Absorbent articles for personal hygiene, such as disposable diapers for infants, training pants for toddlers, adult incontinence undergarments, and/or sanitary napkins are designed to absorb and contain body exudates, in particular large quantities of urine, runny BM, and/or menses (together the “fluids”). These absorbent articles may comprise several layers providing different functions, for example, a topsheet, a backsheet, and an absorbent core disposed between the topsheet and the backsheet, among other layers (e.g., acquisition layer, distribution layer, etc.), if desired.

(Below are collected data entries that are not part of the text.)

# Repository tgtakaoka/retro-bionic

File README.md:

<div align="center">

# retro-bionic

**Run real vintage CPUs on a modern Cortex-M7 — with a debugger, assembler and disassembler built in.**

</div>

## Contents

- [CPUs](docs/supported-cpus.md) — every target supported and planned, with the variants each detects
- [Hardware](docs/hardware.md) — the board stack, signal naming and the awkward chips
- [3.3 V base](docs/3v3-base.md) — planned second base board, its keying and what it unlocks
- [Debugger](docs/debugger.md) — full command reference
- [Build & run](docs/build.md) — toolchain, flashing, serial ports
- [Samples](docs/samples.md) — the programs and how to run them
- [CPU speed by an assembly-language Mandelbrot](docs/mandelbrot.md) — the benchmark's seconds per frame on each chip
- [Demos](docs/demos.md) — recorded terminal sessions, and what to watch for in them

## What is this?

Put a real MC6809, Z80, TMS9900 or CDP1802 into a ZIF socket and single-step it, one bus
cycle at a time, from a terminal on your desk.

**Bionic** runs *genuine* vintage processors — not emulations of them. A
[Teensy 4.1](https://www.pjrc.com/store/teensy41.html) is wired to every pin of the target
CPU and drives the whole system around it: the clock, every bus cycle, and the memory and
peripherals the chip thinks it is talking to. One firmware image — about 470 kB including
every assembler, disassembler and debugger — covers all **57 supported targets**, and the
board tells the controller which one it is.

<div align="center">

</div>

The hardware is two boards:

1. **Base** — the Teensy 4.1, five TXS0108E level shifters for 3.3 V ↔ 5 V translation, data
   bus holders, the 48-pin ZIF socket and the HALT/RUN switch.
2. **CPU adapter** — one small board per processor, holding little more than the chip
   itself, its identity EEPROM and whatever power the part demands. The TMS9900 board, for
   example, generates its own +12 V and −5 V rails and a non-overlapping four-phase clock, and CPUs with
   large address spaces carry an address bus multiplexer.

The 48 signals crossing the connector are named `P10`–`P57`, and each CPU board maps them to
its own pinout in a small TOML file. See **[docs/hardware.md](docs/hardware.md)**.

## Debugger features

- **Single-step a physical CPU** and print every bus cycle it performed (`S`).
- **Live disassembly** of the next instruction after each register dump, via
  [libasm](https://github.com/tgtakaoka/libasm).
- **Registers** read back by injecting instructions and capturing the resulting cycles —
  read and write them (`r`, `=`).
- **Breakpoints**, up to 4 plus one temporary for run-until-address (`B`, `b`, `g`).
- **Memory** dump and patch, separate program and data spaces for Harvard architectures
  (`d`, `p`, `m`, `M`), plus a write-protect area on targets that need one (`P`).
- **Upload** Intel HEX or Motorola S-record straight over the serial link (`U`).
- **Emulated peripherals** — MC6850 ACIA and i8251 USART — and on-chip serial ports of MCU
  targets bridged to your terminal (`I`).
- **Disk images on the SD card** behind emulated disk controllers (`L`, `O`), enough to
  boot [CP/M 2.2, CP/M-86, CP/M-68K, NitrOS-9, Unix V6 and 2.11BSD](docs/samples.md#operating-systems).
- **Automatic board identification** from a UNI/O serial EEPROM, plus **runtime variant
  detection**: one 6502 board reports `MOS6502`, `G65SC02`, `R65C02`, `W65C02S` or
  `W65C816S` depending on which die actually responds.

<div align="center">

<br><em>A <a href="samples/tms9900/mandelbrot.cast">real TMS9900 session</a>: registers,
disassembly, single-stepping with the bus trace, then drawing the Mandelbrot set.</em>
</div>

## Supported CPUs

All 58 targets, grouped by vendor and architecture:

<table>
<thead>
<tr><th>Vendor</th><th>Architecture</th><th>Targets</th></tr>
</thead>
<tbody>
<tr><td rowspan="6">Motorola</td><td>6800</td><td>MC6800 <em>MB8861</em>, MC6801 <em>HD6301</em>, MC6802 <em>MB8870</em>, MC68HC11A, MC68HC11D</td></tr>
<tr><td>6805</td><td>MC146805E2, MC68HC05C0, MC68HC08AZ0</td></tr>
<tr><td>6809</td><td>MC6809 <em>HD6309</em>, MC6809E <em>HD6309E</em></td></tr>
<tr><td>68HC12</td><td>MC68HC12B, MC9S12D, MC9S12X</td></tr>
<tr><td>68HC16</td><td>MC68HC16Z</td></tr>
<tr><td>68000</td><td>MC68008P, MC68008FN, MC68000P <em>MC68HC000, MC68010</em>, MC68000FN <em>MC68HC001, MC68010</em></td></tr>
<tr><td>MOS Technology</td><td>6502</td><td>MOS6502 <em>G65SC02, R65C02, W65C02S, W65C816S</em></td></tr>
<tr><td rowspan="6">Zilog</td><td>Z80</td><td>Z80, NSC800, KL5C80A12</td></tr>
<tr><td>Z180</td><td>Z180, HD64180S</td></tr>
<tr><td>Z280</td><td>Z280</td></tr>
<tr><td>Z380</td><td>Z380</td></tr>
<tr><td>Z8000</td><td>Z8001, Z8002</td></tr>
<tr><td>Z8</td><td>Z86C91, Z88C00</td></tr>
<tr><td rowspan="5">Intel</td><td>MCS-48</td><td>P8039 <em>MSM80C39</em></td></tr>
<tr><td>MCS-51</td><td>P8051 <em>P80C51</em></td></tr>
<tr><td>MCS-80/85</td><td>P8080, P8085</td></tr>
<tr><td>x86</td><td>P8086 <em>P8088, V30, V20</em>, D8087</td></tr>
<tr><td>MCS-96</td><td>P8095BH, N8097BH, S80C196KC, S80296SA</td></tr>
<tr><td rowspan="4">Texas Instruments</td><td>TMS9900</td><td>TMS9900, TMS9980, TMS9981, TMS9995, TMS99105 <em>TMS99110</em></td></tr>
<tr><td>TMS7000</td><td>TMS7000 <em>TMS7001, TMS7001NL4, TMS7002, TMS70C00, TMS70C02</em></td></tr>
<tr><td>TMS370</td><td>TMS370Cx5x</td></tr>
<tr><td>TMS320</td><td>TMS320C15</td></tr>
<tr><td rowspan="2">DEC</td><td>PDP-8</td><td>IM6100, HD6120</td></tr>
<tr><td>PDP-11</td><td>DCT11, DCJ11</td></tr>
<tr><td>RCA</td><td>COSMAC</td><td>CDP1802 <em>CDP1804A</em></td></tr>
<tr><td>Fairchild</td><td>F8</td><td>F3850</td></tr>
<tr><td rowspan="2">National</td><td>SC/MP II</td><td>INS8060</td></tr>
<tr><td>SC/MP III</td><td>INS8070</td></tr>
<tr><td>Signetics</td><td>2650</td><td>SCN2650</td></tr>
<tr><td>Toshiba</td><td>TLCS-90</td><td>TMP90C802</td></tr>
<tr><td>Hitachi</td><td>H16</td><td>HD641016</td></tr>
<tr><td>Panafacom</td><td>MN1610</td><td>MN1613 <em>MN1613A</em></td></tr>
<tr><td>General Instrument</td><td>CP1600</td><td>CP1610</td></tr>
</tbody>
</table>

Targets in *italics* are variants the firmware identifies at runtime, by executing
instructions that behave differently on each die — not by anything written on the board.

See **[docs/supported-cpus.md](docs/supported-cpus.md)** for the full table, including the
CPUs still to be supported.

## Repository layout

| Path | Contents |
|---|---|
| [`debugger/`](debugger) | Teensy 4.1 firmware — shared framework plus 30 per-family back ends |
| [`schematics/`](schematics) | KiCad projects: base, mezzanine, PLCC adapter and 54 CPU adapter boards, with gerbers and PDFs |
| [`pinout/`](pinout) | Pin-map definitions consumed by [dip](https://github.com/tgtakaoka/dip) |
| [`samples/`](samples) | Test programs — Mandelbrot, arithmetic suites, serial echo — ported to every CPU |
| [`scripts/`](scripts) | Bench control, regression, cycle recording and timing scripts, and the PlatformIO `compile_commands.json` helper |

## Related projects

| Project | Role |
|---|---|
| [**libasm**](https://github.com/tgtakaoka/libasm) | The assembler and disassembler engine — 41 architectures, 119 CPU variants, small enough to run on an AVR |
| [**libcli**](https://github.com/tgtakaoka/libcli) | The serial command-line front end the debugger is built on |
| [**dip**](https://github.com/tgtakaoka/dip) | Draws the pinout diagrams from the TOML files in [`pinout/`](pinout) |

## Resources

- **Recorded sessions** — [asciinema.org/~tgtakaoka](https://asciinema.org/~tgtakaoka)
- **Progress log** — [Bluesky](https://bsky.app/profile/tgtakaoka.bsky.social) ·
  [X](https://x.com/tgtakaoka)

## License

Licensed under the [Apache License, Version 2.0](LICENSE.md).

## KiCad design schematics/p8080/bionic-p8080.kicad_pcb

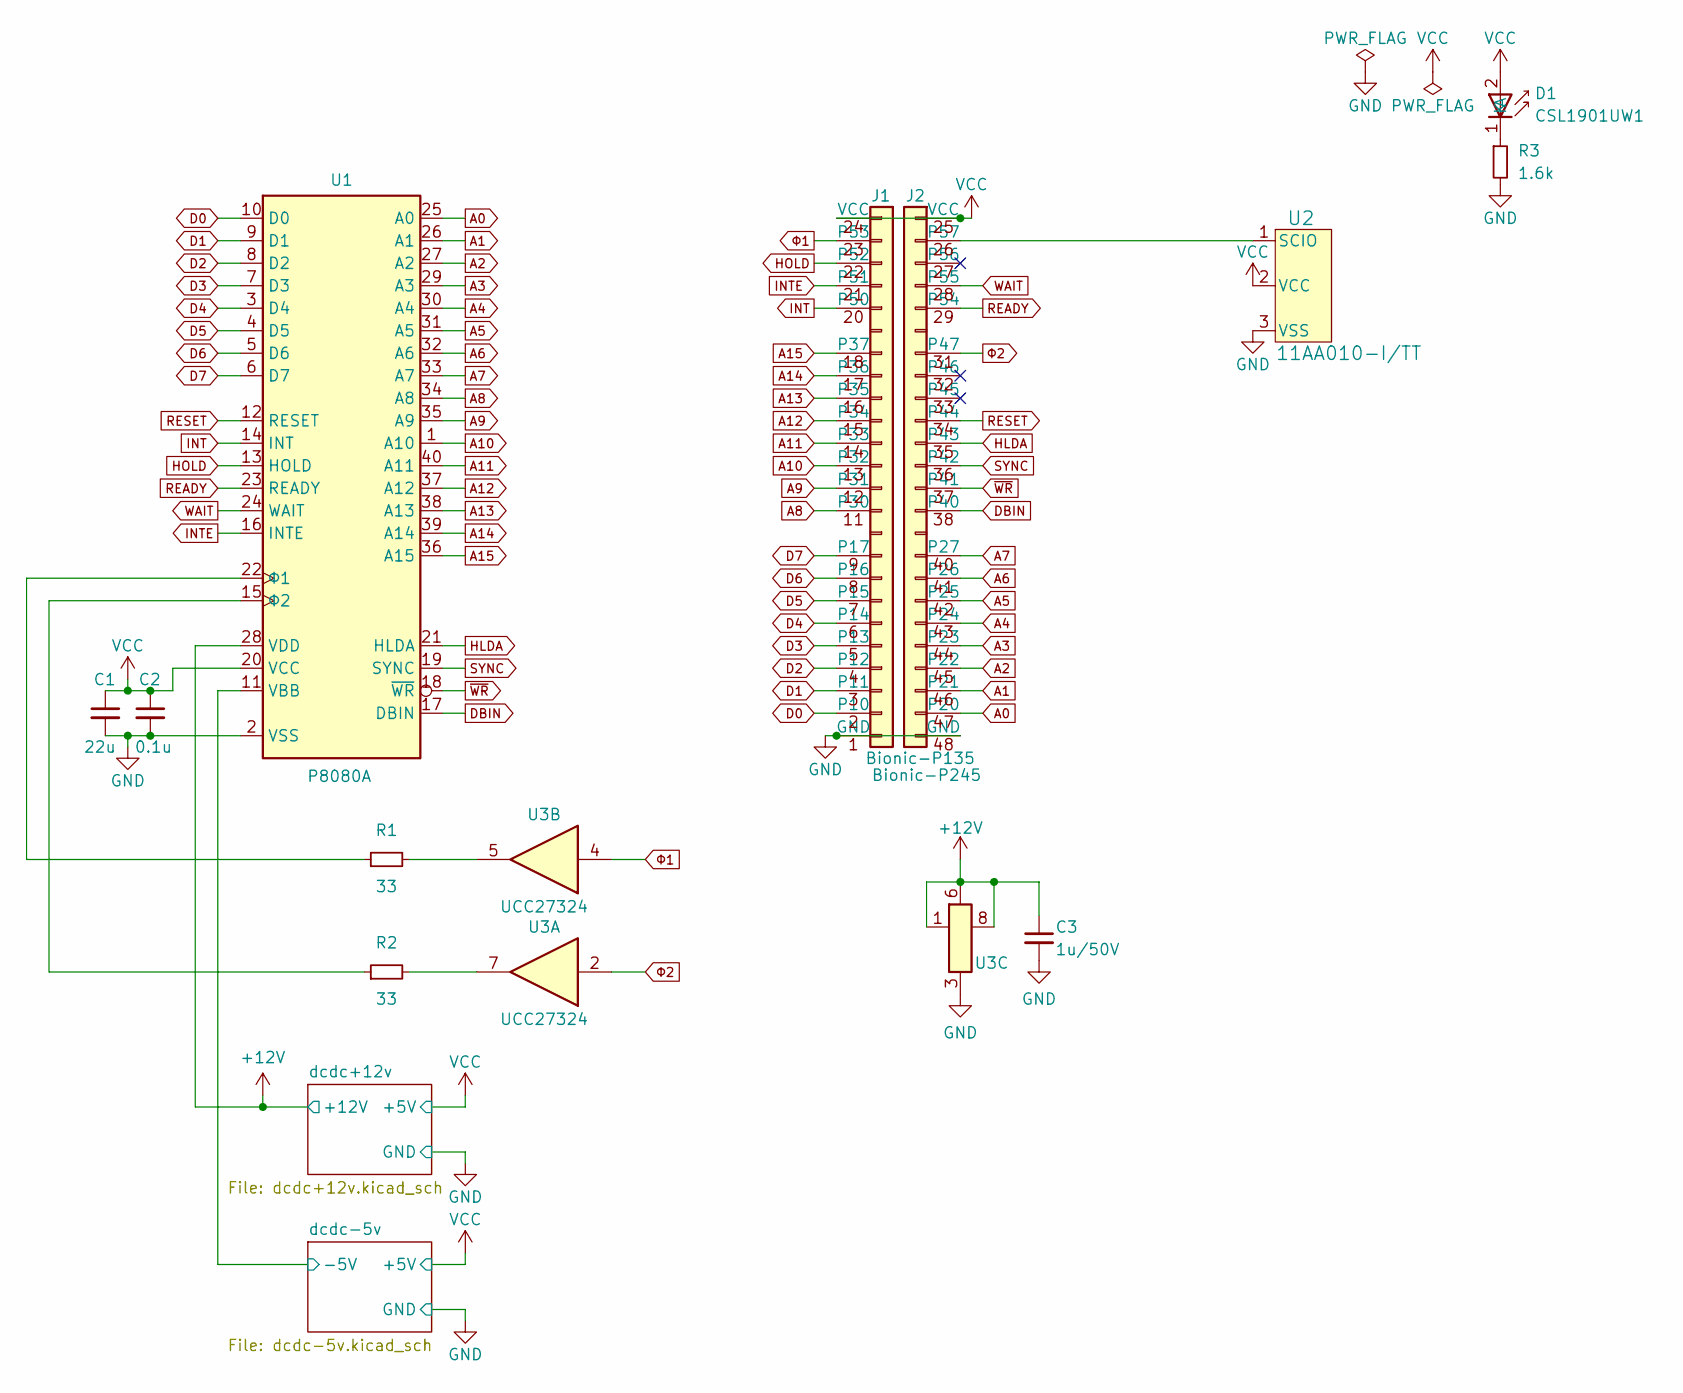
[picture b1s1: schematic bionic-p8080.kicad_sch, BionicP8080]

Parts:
C1: 22u; C_0603_1608Metric_Pad1.08x0.95mm_HandSolder
C2: 0.1u; C_0603_1608Metric_Pad1.08x0.95mm_HandSolder
C3: 1u/50V; C_0603_1608Metric_Pad1.08x0.95mm_HandSolder
D1: CSL1901UW1; LED_CSL1901UW1_ROM-M
J1: Bionic-P135; Bionic-P135_SMT
J2: Bionic-P245; Bionic-P245_SMT
R1, R2: 33; R_0603_1608Metric_Pad0.98x0.95mm_HandSolder
R3: 1.6k; R_0603_1608Metric_Pad0.98x0.95mm_HandSolder
U1: P8080A; DIP-40_W15.24mm_Socket
U2: 11AA010-I/TT; SOT-23_MC_MCH-M
U3: UCC27324; DGN8-M

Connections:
+12V: C3.1, U1.28 (VDD), U3.1 (NC), U3.6 (VDD), U3.8 (NC); also elsewhere on the board
/dcdc-5v/-5V: U1.11 (VBB); also elsewhere on the board
A0: J2.47 (P20), U1.25 (A0)
A1: J2.46 (P21), U1.26 (A1)
A2: J2.45 (P22), U1.27 (A2)
A3: J2.44 (P23), U1.29 (A3)
A4: J2.43 (P24), U1.30 (A4)
A5: J2.42 (P25), U1.31 (A5)
A6: J2.41 (P26), U1.32 (A6)
A7: J2.40 (P27), U1.33 (A7)
A8: J1.11 (P30), U1.34 (A8)
A9: J1.12 (P31), U1.35 (A9)
A10: J1.13 (P32), U1.1 (A10)
A11: J1.14 (P33), U1.40 (A11)
A12: J1.15 (P34), U1.37 (A12)
A13: J1.16 (P35), U1.38 (A13)
A14: J1.17 (P36), U1.39 (A14)
A15: J1.18 (P37), U1.36 (A15)
D0: J1.2 (P10), U1.10 (D0)
D1: J1.3 (P11), U1.9 (D1)
D2: J1.4 (P12), U1.8 (D2)
D3: J1.5 (P13), U1.7 (D3)
D4: J1.6 (P14), U1.3 (D4)
D5: J1.7 (P15), U1.4 (D5)
D6: J1.8 (P16), U1.5 (D6)
D7: J1.9 (P17), U1.6 (D7)
DBIN: J2.38 (P40), U1.17 (DBIN)
GND: C1.2, C2.2, C3.2, J1.1 (GND), J2.48 (GND), R3.2, U1.2 (VSS), U2.3 (VSS), U3.3 (GND); also elsewhere on the board
HLDA: J2.35 (P43), U1.21 (HLDA)
HOLD: J1.22 (P52), U1.13 (HOLD)
INT: J1.20 (P50), U1.14 (INT)
INTE: J1.21 (P51), U1.16 (INTE)
unnamed: D1.1 (K), R3.1
unnamed: J2.26 (P57), U2.1 (SCIO)
unnamed: R1.1, U1.22 (Φ1)
unnamed: R2.1, U1.15 (Φ2)
unnamed: R2.2, U3.7 (OUTA)
unnamed: R1.2, U3.5 (OUTB)
READY: J2.29 (P54), U1.23 (READY)
RESET: J2.34 (P44), U1.12 (RESET)
SYNC: J2.36 (P42), U1.19 (SYNC)
VCC: C1.1, C2.1, D1.2 (A), J1.24 (VCC), J2.25 (VCC), U1.20 (VCC), U2.2 (VCC); also elsewhere on the board
WAIT: J2.28 (P55), U1.24 (WAIT)
~WR: J2.37 (P41), U1.18 (~WR)
Φ1: J1.23 (P53), U3.4 (INB)
Φ2: J2.31 (P47), U3.2 (INA)

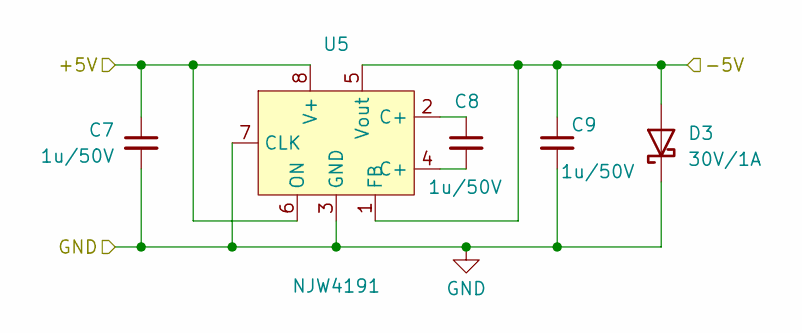
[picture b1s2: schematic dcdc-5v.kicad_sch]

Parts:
C7, C8, C9: 1u/50V; C_0603_1608Metric_Pad1.08x0.95mm_HandSolder
D3: 30V/1A; CR_60M-60_ROM-M
U5: NJW4191; MSOP8VSP8_PI-VSP8-E-B_NMD-M

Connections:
/dcdc-5v/-5V: C9.1, D3.2 (A), U5.1 (FB), U5.5 (Vout); also elsewhere on the board
GND: C7.2, C9.2, D3.1 (K), U5.3 (GND), U5.7 (CLK); also elsewhere on the board
unnamed: C8.1, U5.2 (C+)
unnamed: C8.2, U5.4 (C+)
VCC: C7.1, U5.6 (ON), U5.8 (V+); also elsewhere on the board

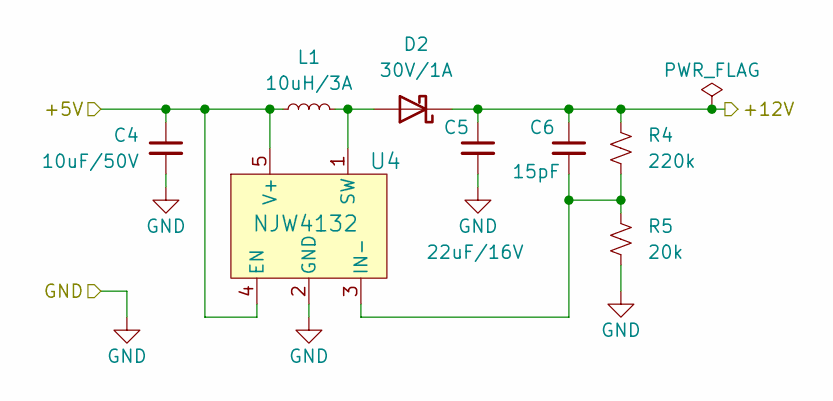
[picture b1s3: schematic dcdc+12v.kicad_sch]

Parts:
C4: 10uF/50V; C_1210_3225Metric_Pad1.33x2.70mm_HandSolder
C5: 22uF/16V; C_1210_3225Metric_Pad1.33x2.70mm_HandSolder
C6: 15pF; C_0603_1608Metric_Pad1.08x0.95mm_HandSolder
D2: 30V/1A; CR_60M-60_ROM-M
L1: 10uH/3A; IND_DFE322512F_MUR-M
R4: 220k; R_0603_1608Metric_Pad0.98x0.95mm_HandSolder
R5: 20k; R_0603_1608Metric_Pad0.98x0.95mm_HandSolder
U4: NJW4132; SOT-89-5_NMD-M

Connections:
+12V: C5.1, C6.1, D2.1 (K), R4.1; also elsewhere on the board
GND: C4.2, C5.2, R5.2, U4.2 (GND); also elsewhere on the board
unnamed: D2.2 (A), L1.2, U4.1 (SW)
unnamed: C6.2, R4.2, R5.1, U4.3 (IN-)
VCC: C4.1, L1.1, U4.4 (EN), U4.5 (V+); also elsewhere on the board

The topsheet is generally liquid permeable and is configured to receive the fluids being excreted from the body and aid in directing the fluids toward an acquisition system, a distribution system, and/or the absorbent core. In general, topsheets may be made to be hydrophilic via a surfactant treatment applied thereto so that the fluids are attracted to the topsheet to then be channeled into the underlying acquisition system, distribution system, and/or the absorbent core. One of the important qualities of a topsheet is the ability to reduce ponding of the fluids on the topsheets before the fluids are able to be absorbed by the absorbent article. Stated another way, one design criteria of topsheets is to reduce the amount of time the fluids spend on topsheet prior to being absorbed by the absorbent article. If fluids remain on the surface of a topsheet for too long of a period of time, the wearer may not feel dry and skin discomfort may increase.
To solve the problem of the skin feeling wet during, for example, urination, because of prolonged fluid residency on the topsheets, apertured topsheets have been used to allow for faster fluid penetration. Although apertured topsheets have generally reduced fluid pendency on topsheets, topsheets can still be further improved by providing three-dimensional substrates that further reduce skin/fluid contact and/or skin/fluid contact time during, for example, a urination event.
Moreover, three-dimensional substrates, or other improved apertured topsheet materials, can be relatively expensive when compared to traditional topsheet materials. Accordingly, it is of continued interest to be able to attain the benefits of using three-dimensional substrates as topsheet materials, while limiting the added expense of employing such materials.